The passivity and passification for Takagi-Sugeno (T-S) fuzzy systems with leakage delay and both discrete and distributed time-varying delays are investigated. By employing the Lyapunov functional method and using the matrix inequality techniques, several delay-dependent criteria to ensure the passivity and passification of the considered T-S fuzzy systems are established in terms of linear matrix inequalities (LMIs) that can be easily checked by using the standard numerical software. The obtained results generalize some previous results. Two examples are given to show the effectiveness of the proposed criteria.

1. Introduction

The Takagi-Sugeno (T-S) fuzzy system, initially proposed and studied by Takagi and Sugeno [1], has attracted increasing interest due to the fact that it provides a general framework to represent a nonlinear plant by using a set of local linear models which are smoothly connected through nonlinear fuzzy membership functions [2]. In practice, time delays often occur in many dynamic systems such as chemical processes, metallurgical processes, biological systems, and neural networks [3]. The existence of time delays is usually a source of instability and poor performance [4]. Therefore, the study of stability with consideration of time delays becomes extremely important [5]. Recently, the stability and stabilization of T-S fuzzy systems with delays have been extensively studied; for example, see [3–13] and references therein.

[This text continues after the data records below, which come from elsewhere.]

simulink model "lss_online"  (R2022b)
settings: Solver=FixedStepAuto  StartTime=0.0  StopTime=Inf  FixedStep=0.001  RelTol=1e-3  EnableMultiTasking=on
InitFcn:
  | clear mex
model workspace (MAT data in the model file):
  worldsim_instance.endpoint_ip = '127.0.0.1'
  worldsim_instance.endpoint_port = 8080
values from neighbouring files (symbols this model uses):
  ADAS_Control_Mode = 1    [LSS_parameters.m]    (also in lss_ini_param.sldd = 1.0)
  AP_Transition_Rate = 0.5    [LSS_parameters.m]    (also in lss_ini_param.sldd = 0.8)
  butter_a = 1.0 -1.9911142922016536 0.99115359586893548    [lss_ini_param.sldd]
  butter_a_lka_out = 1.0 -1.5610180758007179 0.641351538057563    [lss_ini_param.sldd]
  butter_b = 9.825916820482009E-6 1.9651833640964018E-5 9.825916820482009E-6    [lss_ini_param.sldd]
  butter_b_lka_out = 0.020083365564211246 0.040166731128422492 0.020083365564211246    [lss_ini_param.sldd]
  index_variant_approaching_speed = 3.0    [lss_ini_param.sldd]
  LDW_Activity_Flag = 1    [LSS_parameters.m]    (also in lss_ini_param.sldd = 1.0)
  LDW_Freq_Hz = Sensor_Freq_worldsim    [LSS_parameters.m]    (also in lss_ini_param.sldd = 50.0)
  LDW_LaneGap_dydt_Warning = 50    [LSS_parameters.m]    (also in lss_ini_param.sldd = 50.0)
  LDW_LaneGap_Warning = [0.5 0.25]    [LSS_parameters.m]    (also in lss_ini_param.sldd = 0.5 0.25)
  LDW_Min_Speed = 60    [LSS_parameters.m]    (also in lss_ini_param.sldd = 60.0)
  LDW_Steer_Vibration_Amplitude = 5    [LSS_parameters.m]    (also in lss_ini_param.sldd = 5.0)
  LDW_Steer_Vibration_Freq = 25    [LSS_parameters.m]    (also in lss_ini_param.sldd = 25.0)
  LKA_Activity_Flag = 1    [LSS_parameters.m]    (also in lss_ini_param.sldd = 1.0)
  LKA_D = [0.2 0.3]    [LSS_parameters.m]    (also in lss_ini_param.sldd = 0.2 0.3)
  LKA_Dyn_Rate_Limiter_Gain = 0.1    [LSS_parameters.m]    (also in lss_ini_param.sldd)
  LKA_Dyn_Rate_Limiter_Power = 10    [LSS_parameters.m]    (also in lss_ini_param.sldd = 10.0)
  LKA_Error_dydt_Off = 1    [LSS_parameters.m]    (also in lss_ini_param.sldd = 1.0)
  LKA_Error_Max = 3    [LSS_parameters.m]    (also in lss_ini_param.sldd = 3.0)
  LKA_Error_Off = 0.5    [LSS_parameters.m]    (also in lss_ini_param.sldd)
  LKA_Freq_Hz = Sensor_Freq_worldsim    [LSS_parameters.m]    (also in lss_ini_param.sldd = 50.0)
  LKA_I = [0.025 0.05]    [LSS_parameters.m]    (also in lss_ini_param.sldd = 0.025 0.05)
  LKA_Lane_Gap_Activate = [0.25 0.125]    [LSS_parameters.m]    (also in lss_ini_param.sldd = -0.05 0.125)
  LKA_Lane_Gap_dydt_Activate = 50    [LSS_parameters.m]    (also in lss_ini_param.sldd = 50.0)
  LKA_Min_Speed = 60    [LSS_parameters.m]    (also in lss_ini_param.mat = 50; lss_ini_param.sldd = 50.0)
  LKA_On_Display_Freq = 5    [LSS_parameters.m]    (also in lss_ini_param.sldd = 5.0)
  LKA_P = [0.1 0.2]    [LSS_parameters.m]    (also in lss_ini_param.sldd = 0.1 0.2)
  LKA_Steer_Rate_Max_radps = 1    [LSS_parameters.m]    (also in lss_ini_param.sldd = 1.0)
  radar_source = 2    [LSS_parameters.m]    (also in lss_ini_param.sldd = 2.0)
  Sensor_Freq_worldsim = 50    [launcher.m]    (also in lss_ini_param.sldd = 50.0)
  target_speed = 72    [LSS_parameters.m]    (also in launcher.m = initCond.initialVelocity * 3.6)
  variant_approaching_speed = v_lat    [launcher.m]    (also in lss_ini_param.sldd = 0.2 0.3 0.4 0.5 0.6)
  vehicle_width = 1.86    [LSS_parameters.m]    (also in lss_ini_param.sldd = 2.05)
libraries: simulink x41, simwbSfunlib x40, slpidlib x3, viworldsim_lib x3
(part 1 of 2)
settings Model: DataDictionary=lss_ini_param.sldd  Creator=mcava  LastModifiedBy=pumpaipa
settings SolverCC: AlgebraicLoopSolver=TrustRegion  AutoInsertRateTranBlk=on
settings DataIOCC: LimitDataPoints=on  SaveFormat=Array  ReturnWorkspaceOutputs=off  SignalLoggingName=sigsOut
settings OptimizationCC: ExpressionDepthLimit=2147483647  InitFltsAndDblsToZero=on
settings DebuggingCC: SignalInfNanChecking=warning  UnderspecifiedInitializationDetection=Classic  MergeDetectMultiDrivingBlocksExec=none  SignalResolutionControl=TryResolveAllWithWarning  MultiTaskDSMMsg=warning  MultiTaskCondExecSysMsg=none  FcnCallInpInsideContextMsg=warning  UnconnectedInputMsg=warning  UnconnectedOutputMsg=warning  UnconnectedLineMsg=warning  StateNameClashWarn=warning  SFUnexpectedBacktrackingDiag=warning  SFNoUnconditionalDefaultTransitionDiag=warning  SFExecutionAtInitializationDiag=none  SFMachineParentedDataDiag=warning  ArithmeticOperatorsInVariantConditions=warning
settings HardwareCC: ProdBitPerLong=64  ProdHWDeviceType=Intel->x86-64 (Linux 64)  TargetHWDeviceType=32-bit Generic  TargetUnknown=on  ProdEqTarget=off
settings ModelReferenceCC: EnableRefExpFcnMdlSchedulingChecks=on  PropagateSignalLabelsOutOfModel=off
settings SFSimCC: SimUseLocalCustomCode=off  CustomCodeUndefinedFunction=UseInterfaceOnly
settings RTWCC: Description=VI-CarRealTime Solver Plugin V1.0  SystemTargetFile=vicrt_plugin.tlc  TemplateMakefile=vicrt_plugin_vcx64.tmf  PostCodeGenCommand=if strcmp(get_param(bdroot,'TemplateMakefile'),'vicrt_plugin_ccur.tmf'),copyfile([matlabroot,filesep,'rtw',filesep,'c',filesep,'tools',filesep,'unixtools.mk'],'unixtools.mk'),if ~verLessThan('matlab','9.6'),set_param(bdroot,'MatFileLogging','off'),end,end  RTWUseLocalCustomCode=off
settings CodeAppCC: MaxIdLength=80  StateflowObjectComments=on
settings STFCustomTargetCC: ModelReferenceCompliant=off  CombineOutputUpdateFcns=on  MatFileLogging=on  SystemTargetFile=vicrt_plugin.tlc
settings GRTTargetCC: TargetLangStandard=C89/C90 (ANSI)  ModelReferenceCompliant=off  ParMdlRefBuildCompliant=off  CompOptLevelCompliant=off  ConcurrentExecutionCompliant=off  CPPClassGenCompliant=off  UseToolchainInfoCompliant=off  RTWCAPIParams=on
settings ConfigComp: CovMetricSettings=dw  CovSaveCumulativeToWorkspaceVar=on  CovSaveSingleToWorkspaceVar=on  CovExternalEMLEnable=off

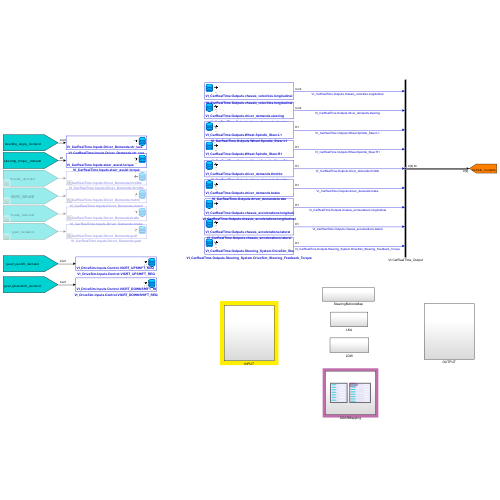
[thumbnail: Simulink's stored preview of the top-level diagram]
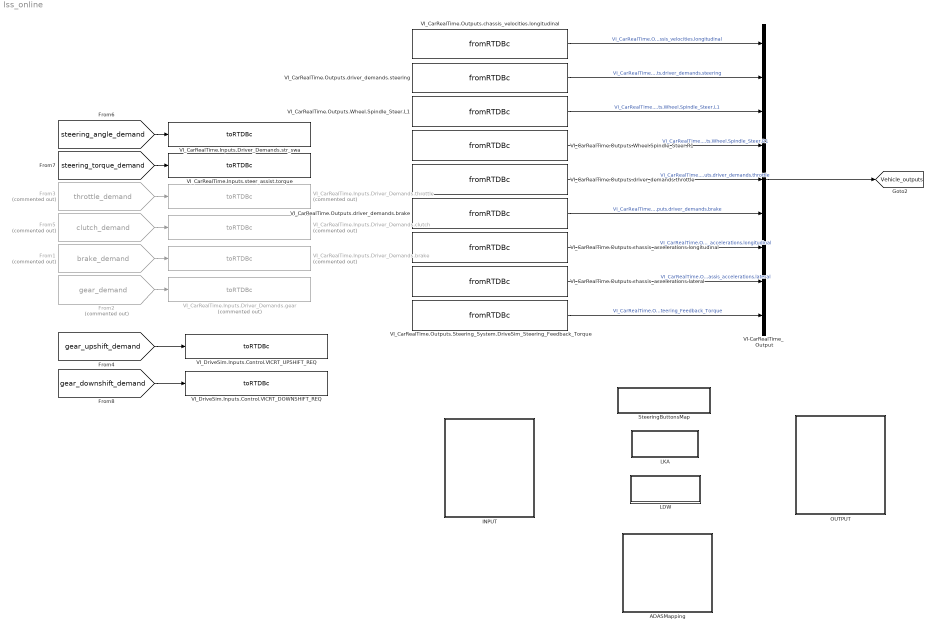
== system lss_online ==
  ADASMapping : Subsystem
  From1 : From  Commented=on  GotoTag=brake_demand  TagVisibility=global
  From2 : From  Commented=on  GotoTag=gear_demand  TagVisibility=global
  From3 : From  Commented=on  GotoTag=throttle_demand  TagVisibility=global
  From5 : From  Commented=on  GotoTag=clutch_demand  TagVisibility=global
  INPUT : Subsystem
  LDW : Subsystem
  LKA : Subsystem
  OUTPUT : Subsystem
  SteeringButtonsMap : Subsystem
  VI-CarRealTime_Output : BusCreator  Inputs=9
  VI_CarRealTime.Inputs.Driver_Demands.brake : simwbSfunlib/toRTDBc  Commented=on  stringBlock=off  varName=VI_CarRealTime.Inputs.Driver_Demands.brake  sigDim=[1 1]  sigType=double  sampleTime=[-1 0]  maxBuffSize=1024  busName=nobus  defaultValue=0  defaultString=simwbout  hasMapping=0  ptrName=VI_CarRealTime_Inputs_Driver_Demands_brake  enumOrAlias=nothing
      settings: SourceProductName=SimWB MLToolkit
  VI_CarRealTime.Inputs.Driver_Demands.clutch : simwbSfunlib/toRTDBc  Commented=on  stringBlock=off  varName=VI_CarRealTime.Inputs.Driver_Demands.clutch  sigDim=[1 1]  sigType=double  sampleTime=[-1 0]  maxBuffSize=1024  busName=nobus  defaultValue=0  defaultString=simwbout  hasMapping=0  ptrName=VI_CarRealTime_Inputs_Driver_Demands_clutch  enumOrAlias=nothing
      settings: SourceProductName=SimWB MLToolkit
  VI_CarRealTime.Inputs.Driver_Demands.gear : simwbSfunlib/toRTDBc  Commented=on  stringBlock=off  varName=VI_CarRealTime.Inputs.Driver_Demands.gear  sigDim=[1 1]  sigType=double  sampleTime=[-1 0]  maxBuffSize=1024  busName=nobus  defaultValue=0  defaultString=simwbout  hasMapping=0  ptrName=VI_CarRealTime_Inputs_Driver_Demands_gear  enumOrAlias=nothing
      settings: SourceProductName=SimWB MLToolkit
  VI_CarRealTime.Inputs.Driver_Demands.str_swa : simwbSfunlib/toRTDBc  stringBlock=off  varName=VI_CarRealTime.Inputs.Driver_Demands.str_swa  sigDim=[1 1]  sigType=double  sampleTime=[-1 0]  maxBuffSize=1024  busName=nobus  defaultValue=0  defaultString=simwbout  hasMapping=0  ptrName=VI_CarRealTime_Inputs_Driver_Demands_str_swa  enumOrAlias=nothing
      settings: SourceProductName=SimWB MLToolkit
  VI_CarRealTime.Inputs.Driver_Demands.throttle : simwbSfunlib/toRTDBc  Commented=on  stringBlock=off  varName=VI_CarRealTime.Inputs.Driver_Demands.throttle  sigDim=[1 1]  sigType=double  sampleTime=[-1 0]  maxBuffSize=1024  busName=nobus  defaultValue=0  defaultString=simwbout  hasMapping=0  ptrName=VI_CarRealTime_Inputs_Driver_Demands_throttle  enumOrAlias=nothing
      settings: SourceProductName=SimWB MLToolkit
  VI_CarRealTime.Inputs.steer_assist.torque : simwbSfunlib/toRTDBc  stringBlock=off  varName=VI_CarRealTime.Inputs.steer_assist.torque  sigDim=[1 1]  sigType=double  sampleTime=[-1 0]  maxBuffSize=1024  busName=nobus  defaultValue=0  defaultString=simwbout  hasMapping=0  ptrName=VI_CarRealTime_Inputs_steer_assist_torque  enumOrAlias=nothing
      settings: SourceProductName=SimWB MLToolkit
  VI_CarRealTime.Outputs.Steering_System.DriveSim_Steering_Feedback_Torque : simwbSfunlib/fromRTDBc  stringBlock=off  varName=VI_CarRealTime.Outputs.Steering_System.DriveSim_Steering_Feedback_Torque  sigDim=[1 1]  sigType=double  sampleTime=[-1 0]  maxBuffSize=1024  busName=nobus  defaultValue=0  defaultString=simwbin  hasMapping=0  ptrName=VI_CarRealTime_Outputs_Steering_System_DriveSim_Steering_Feedback_Torque  enumOrAlias=nothing
      settings: SourceProductName=SimWB MLToolkit
  VI_CarRealTime.Outputs.Wheel.Spindle_Steer.L1 : simwbSfunlib/fromRTDBc  stringBlock=off  varName=VI_CarRealTime.Outputs.Wheel.Spindle_Steer.L1  sigDim=[1 1]  sigType=double  sampleTime=[-1 0]  maxBuffSize=1024  busName=nobus  defaultValue=0  defaultString=simwbin  hasMapping=0  ptrName=VI_CarRealTime_Outputs_Wheel_Spindle_Steer_L1  enumOrAlias=nothing
      settings: SourceProductName=SimWB MLToolkit
  VI_CarRealTime.Outputs.Wheel.Spindle_Steer.R1 : simwbSfunlib/fromRTDBc  stringBlock=off  varName=VI_CarRealTime.Outputs.Wheel.Spindle_Steer.R1  sigDim=[1 1]  sigType=double  sampleTime=[-1 0]  maxBuffSize=1024  busName=nobus  defaultValue=0  defaultString=simwbin  hasMapping=0  ptrName=VI_CarRealTime_Outputs_Wheel_Spindle_Steer_R1  enumOrAlias=nothing
      settings: SourceProductName=SimWB MLToolkit
  VI_CarRealTime.Outputs.chassis_accelerations.lateral : simwbSfunlib/fromRTDBc  stringBlock=off  varName=VI_CarRealTime.Outputs.chassis_accelerations.lateral  sigDim=[1 1]  sigType=double  sampleTime=[-1 0]  maxBuffSize=1024  busName=nobus  defaultValue=0  defaultString=simwbin  hasMapping=0  ptrName=VI_CarRealTime_Outputs_chassis_accelerations_lateral  enumOrAlias=nothing
      settings: SourceProductName=SimWB MLToolkit
  VI_CarRealTime.Outputs.chassis_accelerations.longitudinal : simwbSfunlib/fromRTDBc  stringBlock=off  varName=VI_CarRealTime.Outputs.chassis_accelerations.longitudinal  sigDim=[1 1]  sigType=double  sampleTime=[-1 0]  maxBuffSize=1024  busName=nobus  defaultValue=0  defaultString=simwbin  hasMapping=0  ptrName=VI_CarRealTime_Outputs_chassis_accelerations_longitudinal  enumOrAlias=nothing
      settings: SourceProductName=SimWB MLToolkit
  VI_CarRealTime.Outputs.chassis_velocities.longitudinal : simwbSfunlib/fromRTDBc  stringBlock=off  varName=VI_CarRealTime.Outputs.chassis_velocities.longitudinal  sigDim=[1 1]  sigType=double  sampleTime=[-1 0]  maxBuffSize=1024  busName=nobus  defaultValue=0  defaultString=simwbin  hasMapping=0  ptrName=VI_CarRealTime_Outputs_chassis_velocities_longitudinal  enumOrAlias=nothing
      settings: SourceProductName=SimWB MLToolkit
  VI_CarRealTime.Outputs.driver_demands.brake : simwbSfunlib/fromRTDBc  stringBlock=off  varName=VI_CarRealTime.Outputs.driver_demands.brake  sigDim=[1 1]  sigType=double  sampleTime=[-1 0]  maxBuffSize=1024  busName=nobus  defaultValue=0  defaultString=simwbin  hasMapping=0  ptrName=VI_CarRealTime_Outputs_driver_demands_brake  enumOrAlias=nothing
      settings: SourceProductName=SimWB MLToolkit
  VI_CarRealTime.Outputs.driver_demands.steering : simwbSfunlib/fromRTDBc  stringBlock=off  varName=VI_CarRealTime.Outputs.driver_demands.steering  sigDim=[1 1]  sigType=double  sampleTime=[-1 0]  maxBuffSize=1024  busName=nobus  defaultValue=0  defaultString=simwbin  hasMapping=0  ptrName=VI_CarRealTime_Outputs_driver_demands_steering  enumOrAlias=nothing
      settings: SourceProductName=SimWB MLToolkit
  VI_CarRealTime.Outputs.driver_demands.throttle : simwbSfunlib/fromRTDBc  stringBlock=off  varName=VI_CarRealTime.Outputs.driver_demands.throttle  sigDim=[1 1]  sigType=double  sampleTime=[-1 0]  maxBuffSize=1024  busName=nobus  defaultValue=0  defaultString=simwbin  hasMapping=0  ptrName=VI_CarRealTime_Outputs_driver_demands_throttle  enumOrAlias=nothing
      settings: SourceProductName=SimWB MLToolkit
  VI_DriveSim.Inputs.Control.VICRT_DOWNSHIFT_REQ : simwbSfunlib/toRTDBc  stringBlock=off  varName=VI_DriveSim.Inputs.Control.VICRT_DOWNSHIFT_REQ  sigDim=[1 1]  sigType=double  sampleTime=[-1 0]  maxBuffSize=1024  busName=nobus  defaultValue=0  defaultString=simwbout  hasMapping=0  ptrName=VI_DriveSim_Inputs_Control_VICRT_DOWNSHIFT_REQ  enumOrAlias=nothing
      settings: SourceProductName=SimWB MLToolkit
  VI_DriveSim.Inputs.Control.VICRT_UPSHIFT_REQ : simwbSfunlib/toRTDBc  stringBlock=off  varName=VI_DriveSim.Inputs.Control.VICRT_UPSHIFT_REQ  sigDim=[1 1]  sigType=double  sampleTime=[-1 0]  maxBuffSize=1024  busName=nobus  defaultValue=0  defaultString=simwbout  hasMapping=0  ptrName=VI_DriveSim_Inputs_Control_VICRT_UPSHIFT_REQ  enumOrAlias=nothing
      settings: SourceProductName=SimWB MLToolkit
  tag scope: Vehicle_outputs=global
  wires:
  VI-CarRealTime_Output/1 -> [Vehicle_outputs]
  [steering_angle_demand] -> VI_CarRealTime.Inputs.Driver_Demands.str_swa/1
  [steering_torque_demand] -> VI_CarRealTime.Inputs.steer_assist.torque/1
  From3/1 -> VI_CarRealTime.Inputs.Driver_Demands.throttle/1
  From5/1 -> VI_CarRealTime.Inputs.Driver_Demands.clutch/1
  From1/1 -> VI_CarRealTime.Inputs.Driver_Demands.brake/1
  From2/1 -> VI_CarRealTime.Inputs.Driver_Demands.gear/1
  VI_CarRealTime.Outputs.Wheel.Spindle_Steer.R1/1 -> VI-CarRealTime_Output/4  "VI_CarRealTime.Outputs.Wheel.Spindle_Steer.R1"
  VI_CarRealTime.Outputs.chassis_velocities.longitudinal/1 -> VI-CarRealTime_Output/1  "VI_CarRealTime.Outputs.chassis_velocities.longitudinal"
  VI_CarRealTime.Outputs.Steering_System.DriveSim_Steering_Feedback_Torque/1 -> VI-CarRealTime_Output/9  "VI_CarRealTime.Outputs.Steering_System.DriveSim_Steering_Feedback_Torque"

On the other hand, the passivity theory is another effective tool to the stability analysis of the system [14]. The main idea of passivity theory is that the passive properties of the system can keep the system internal stability [15]. For these reasons, the passivity and passification problems have been an active area of research recently. The passification problem, which is also called the passive control problem, is formulated as the problem of finding a suitable controller such that the resulting closed-loop system is passive. Recently, some authors have studied the passivity of some systems and obtained sufficient conditions for checking the passivity of the systems that include linear systems with delays [14–16], delayed neural networks [17, 18], networked control systems [19], nonlinear discrete-time systems with direct input-output link [20], and T-S fuzzy systems [21–25]. In [21], the stability of fuzzy control loops is proven with the unique condition that the controlled plant can be made passive by zero shifting. For linear time-invariant plants, this approach leads to frequency response conditions similar to the previous results in the literature, but which are more general and can include robust stability considerations. In [23], the passivity and feedback passification of T-S fuzzy systems with time delays are considered. Both delay-independent and delay-dependent results are presented, and the theoretical results are given in terms of LMIs. In [24], discrete-time T-S fuzzy systems with delays were considered, and several sufficient conditions for checking passivity and passification were obtained. In [25], the contiguous-time T-S fuzzy systems with time-varying delays were investigated, and several criteria to ensure the passivity and feedback passification were given. In [22], the passivity and feedback passification of T-S fuzzy systems with both discrete and distributed time-varying delays were investigated without assuming the differentiability of the time-varying delays. By employing appropriate Lyapunov-Krasovskii functionals, several delay-dependent criteria for the passivity of the considered T-S fuzzy systems were established in terms of LMIs.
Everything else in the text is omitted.